Published online Apr 27, 2014. doi: 10.4254/wjh.v6.i4.230
Revised: January 9, 2014
Accepted: April 3, 2014
Published online: April 27, 2014
Processing time: 206 Days and 20.6 Hours
AIM: To elucidate the effects of melatonin on cisplatin-induced hepatocellular carcinoma (HepG2) cell death and to identify potential cross-talk pathways.
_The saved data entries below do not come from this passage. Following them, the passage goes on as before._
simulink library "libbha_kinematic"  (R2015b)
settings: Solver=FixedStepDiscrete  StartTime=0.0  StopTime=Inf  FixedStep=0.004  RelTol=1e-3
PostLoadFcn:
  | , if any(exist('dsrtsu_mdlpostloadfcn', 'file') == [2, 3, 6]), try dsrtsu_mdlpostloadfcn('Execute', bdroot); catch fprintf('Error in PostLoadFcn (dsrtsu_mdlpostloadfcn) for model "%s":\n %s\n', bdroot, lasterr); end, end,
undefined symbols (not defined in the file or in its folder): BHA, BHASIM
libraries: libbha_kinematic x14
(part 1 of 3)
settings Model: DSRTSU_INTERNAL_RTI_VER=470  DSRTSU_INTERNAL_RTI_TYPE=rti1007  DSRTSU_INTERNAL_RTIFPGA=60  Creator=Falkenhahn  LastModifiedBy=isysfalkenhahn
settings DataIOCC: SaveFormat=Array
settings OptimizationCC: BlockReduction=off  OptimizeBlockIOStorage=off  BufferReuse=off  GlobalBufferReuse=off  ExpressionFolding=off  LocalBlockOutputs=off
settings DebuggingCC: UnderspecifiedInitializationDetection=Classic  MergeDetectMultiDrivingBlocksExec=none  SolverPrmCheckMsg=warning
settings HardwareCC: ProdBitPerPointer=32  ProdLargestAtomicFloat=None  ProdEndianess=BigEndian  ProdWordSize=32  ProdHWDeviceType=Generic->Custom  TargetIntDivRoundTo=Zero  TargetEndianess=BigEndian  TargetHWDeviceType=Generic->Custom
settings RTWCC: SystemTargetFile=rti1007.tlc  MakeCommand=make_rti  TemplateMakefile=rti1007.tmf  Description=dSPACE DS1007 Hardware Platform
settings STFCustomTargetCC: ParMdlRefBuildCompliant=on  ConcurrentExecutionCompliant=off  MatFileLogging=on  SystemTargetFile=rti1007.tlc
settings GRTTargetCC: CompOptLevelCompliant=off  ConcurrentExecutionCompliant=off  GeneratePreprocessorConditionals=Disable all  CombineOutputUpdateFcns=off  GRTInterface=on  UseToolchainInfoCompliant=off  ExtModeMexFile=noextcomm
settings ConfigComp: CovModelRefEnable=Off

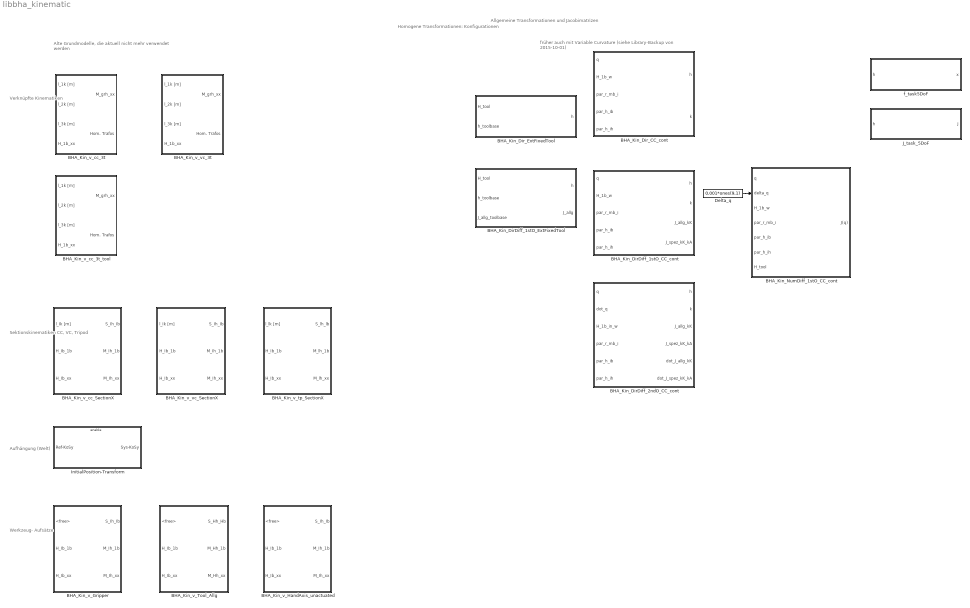
== system libbha_kinematic ==
  note: früher auch mit Variable Curvature (siehe Library-Backup von 2015-10-01)
  note: Alte Grundmodelle, die aktuell nicht mehr verwendet werden
  note: Werkzeug-
      | Aufsätze
  note: Sektionskinematiken
      | CC, VC, Tripod
  note: Verknüpfte
      | Kinematiken
  note: Aufhängung
      | (Welt)
  note: Homogene Transformationen: Konfigurationen
  note: Allgemeine Transformationen und Jacobimatrizen
  BHA_Kin_DirDiff_1stO_CC_cont : Subsystem
      settings: AttributesFormatString=|
      | Direkte Differentielle Kinematik 1. Ordnung
      | Modell: Konstante Krümmungsradien
      | Modell: Kontinuierlich biegende Aktoren
  BHA_Kin_DirDiff_1stO_ExtFixedTool : MATLAB Function  TreatAsAtomicUnit=on
  BHA_Kin_DirDiff_2ndO_CC_cont : Subsystem
      settings: AttributesFormatString=|
      | Direkte Differentielle Kinematik 2. Ordnung
      | Modell: Konstante Krümmungsradien
      | Modell: Kontinuierlich biegende Aktoren
  BHA_Kin_Dir_CC_cont : Subsystem
      settings: AttributesFormatString=|
      | Direkte Kinematik
      | Modell: Konstante Krümmungsradien
      | Modell: Kontinuierlich biegende Aktoren
  BHA_Kin_Dir_ExtFixedTool : MATLAB Function  TreatAsAtomicUnit=on
  BHA_Kin_NumDiff_1stO_CC_cont : Subsystem
      settings: AttributesFormatString=|
      | Direkte Differentielle Kinematik 1. Ordnung
      | Modell: Konstante Krümmungsradien
      | Modell: Kontinuierlich biegende Aktoren
  BHA_Kin_v_Gripper : Subsystem  mask{realorsim=real}
      mask prompts: realorsim "Parameter"
      mask init:
      | if realorsim == 1
      |     realorsimstr = 'real';
      | else
      |     realorsimstr = 'sim';
      | end
      mask TypeOptions realorsim: real | sim
      mask Display:
      | fprintf('%s\n%s','Gripper',realorsimstr)
      | port_label('input',1,'< par unused >');
      | port_label('input',2,'H_Ib_1b');
      | port_label('input',3,'H_Ib_xx');
      | 
      | port_label('output',1,'S_Ih_Ib');
      | port_label('output',2,'M_Ih_1b');
      | port_label('output',3,'M_Ih_xx');
  BHA_Kin_v_HandAxis_unactuated : Subsystem  mask{realorsim=real}
      mask prompts: realorsim "Parameter"
      mask help: -- Vorwärtskinematik der Handachse des BHAs --
      mask init:
      | if realorsim == 1
      |     realorsimstr = 'real';
      | else
      |     realorsimstr = 'sim';
      | end
      mask TypeOptions realorsim: real | sim
      mask Display:
      | fprintf('%s\n%s','H-Axis',realorsimstr)
      | port_label('input',1,'< par unused >');
      | port_label('input',2,'H_Ib_1b');
      | port_label('input',3,'H_Ib_xx');
      | 
      | port_label('output',1,'S_Ih_Ib');
      | port_label('output',2,'M_Ih_1b');
      | port_label('output',3,'M_Ih_xx');
  BHA_Kin_v_Tool_Allg : Subsystem  mask{realorsim=real}
      mask prompts: realorsim "Parameter"
      mask help: -- Vorwärtskinematik der Handachse des BHAs --
      mask init:
      | if realorsim == 1
      |     realorsimstr = 'real';
      | else
      |     realorsimstr = 'sim';
      | end
      mask TypeOptions realorsim: real | sim
      mask Display:
      | fprintf('%s\n%s','Allg. Tool',realorsimstr)
      | port_label('input',1,'< par unused >');
      | port_label('input',2,'H_Hb_1b');
      | port_label('input',3,'H_Hb_xx');
      | 
      | port_label('output',1,'S_Hh_Hb');
      | port_label('output',2,'M_Hh_1b');
      | port_label('output',3,'M_Hh_xx');
  BHA_Kin_v_cc_3t : Subsystem
  BHA_Kin_v_cc_3t_tool : Subsystem
  BHA_Kin_v_cc_SectionX : Subsystem  mask{ii=1, realorsim=real}
      mask prompts: ii "Sektionsnummer"; realorsim "Parameter"
      mask help:
      | -- Vorwärtskinematik einer Sektion des BHAs --
      |
      | Wahl der Sektionsnummer:
      | 1 = groß
      | 2 = mittel
      | 3 = klein
      mask init:
      | if realorsim == 1
      |     realorsimstr = 'real';
      | else
      |     realorsimstr = 'sim';
      | end
      mask TypeOptions ii: 1 | 2 | 3
      mask TypeOptions realorsim: real | sim
      mask Display:
      | fprintf('S #%d\n%s',ii,realorsimstr)
      | port_label('input',1,'l_Ik [m]');
      | port_label('input',2,'H_Ib_1b');
      | port_label('input',3,'H_Ib_xx');
      | 
      | port_label('output',1,'S_Ih_Ib');
      | port_label('output',2,'M_Ih_1b');
      | port_label('output',3,'M_Ih_xx');
  BHA_Kin_v_tp_SectionX : Subsystem  mask{ii=1, realorsim=real}
      mask prompts: ii "Sektionsnummer"; realorsim "Parameter"
      mask help:
      | -- Vorwärtskinematik einer Sektion des BHAs --
      |
      | Wahl der Sektionsnummer:
      | 1 = groß
      | 2 = mittel
      | 3 = klein
      mask init:
      | if realorsim == 1
      |     realorsimstr = 'real';
      | else
      |     realorsimstr = 'sim';
      | end
      mask TypeOptions ii: 1 | 2 | 3
      mask TypeOptions realorsim: real | sim
      mask Display:
      | fprintf('S #%d\n%s',ii,realorsimstr)
      | port_label('input',1,'l_Ik [m]');
      | port_label('input',2,'H_Ib_1b');
      | port_label('input',3,'H_Ib_xx');
      | 
      | port_label('output',1,'S_Ih_Ib');
      | port_label('output',2,'M_Ih_1b');
      | port_label('output',3,'M_Ih_xx');
  BHA_Kin_v_vc_3t : Subsystem
  BHA_Kin_v_vc_SectionX : Subsystem  mask{ii=1, realorsim=real}
      mask prompts: ii "Sektionsnummer"; realorsim "Parameter"
      mask help:
      | -- Vorwärtskinematik einer Sektion des BHAs --
      |
      | Wahl der Sektionsnummer:
      | 1 = groß
      | 2 = mittel
      | 3 = klein
      mask init:
      | if realorsim == 1
      |     realorsimstr = 'real';
      | else
      |     realorsimstr = 'sim';
      | end
      mask TypeOptions ii: 1 | 2 | 3
      mask TypeOptions realorsim: real | sim
      mask Display:
      | fprintf('S #%d\n%s',ii,realorsimstr)
      | port_label('input',1,'l_Ik [m]');
      | port_label('input',2,'H_Ib_1b');
      | port_label('input',3,'H_Ib_xx');
      | 
      | port_label('output',1,'S_Ih_Ib');
      | port_label('output',2,'M_Ih_1b');
      | port_label('output',3,'M_Ih_xx');
  Delta_q : Constant  Value=0.001*ones(9,1)
  InitialPosition-Transform : Subsystem  mask(Initial Position Transform){transx=2.2, transy=0, transz=0, positioning=Stehend, rotz=0}
      mask prompts: transx "Verschiebung in Welt (x) [m]"; transy "Verschiebung in Welt (y) [m]"; transz "Verschiebung in Welt (z) [m]"; positioning "Ausrichtung (Konfiguration)"; rotz "Finale Drehung um z-Achse des Balges [rad]"
      mask help:
      | Führt eine Homogene Transformation des Referenzsystems durch.
      |
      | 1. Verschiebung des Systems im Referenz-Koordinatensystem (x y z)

METHODS: Hepatocellular carcinoma HepG2 cells were treated with melatonin and/or cisplatin for 24 to 48 h. Cell viability and the 50% cytotoxic concentration (CC50) were calculated by MTT assays. The effects and intracellular events induced by the selected concentrations of melatonin (1 mmol/L) and cisplatin (20 μmol/L) were investigated. Cell death and survival detection were primarily evaluated using a fluorescence microscope to assess 4',6 diamideno-2-phenylindol DNA staining and acridine orange lysosome staining and then further analyzed with immunocytochemistry using an anti-LC3 antibody. The potential molecular responses mediated by melatonin against cisplatin after the combined treatment were investigated by reverse transcription-polymerase chains reaction and Western blot analyses of the genes and proteins associated with cell survival and death. A cell cycle analysis was performed using a flow cytometry assay.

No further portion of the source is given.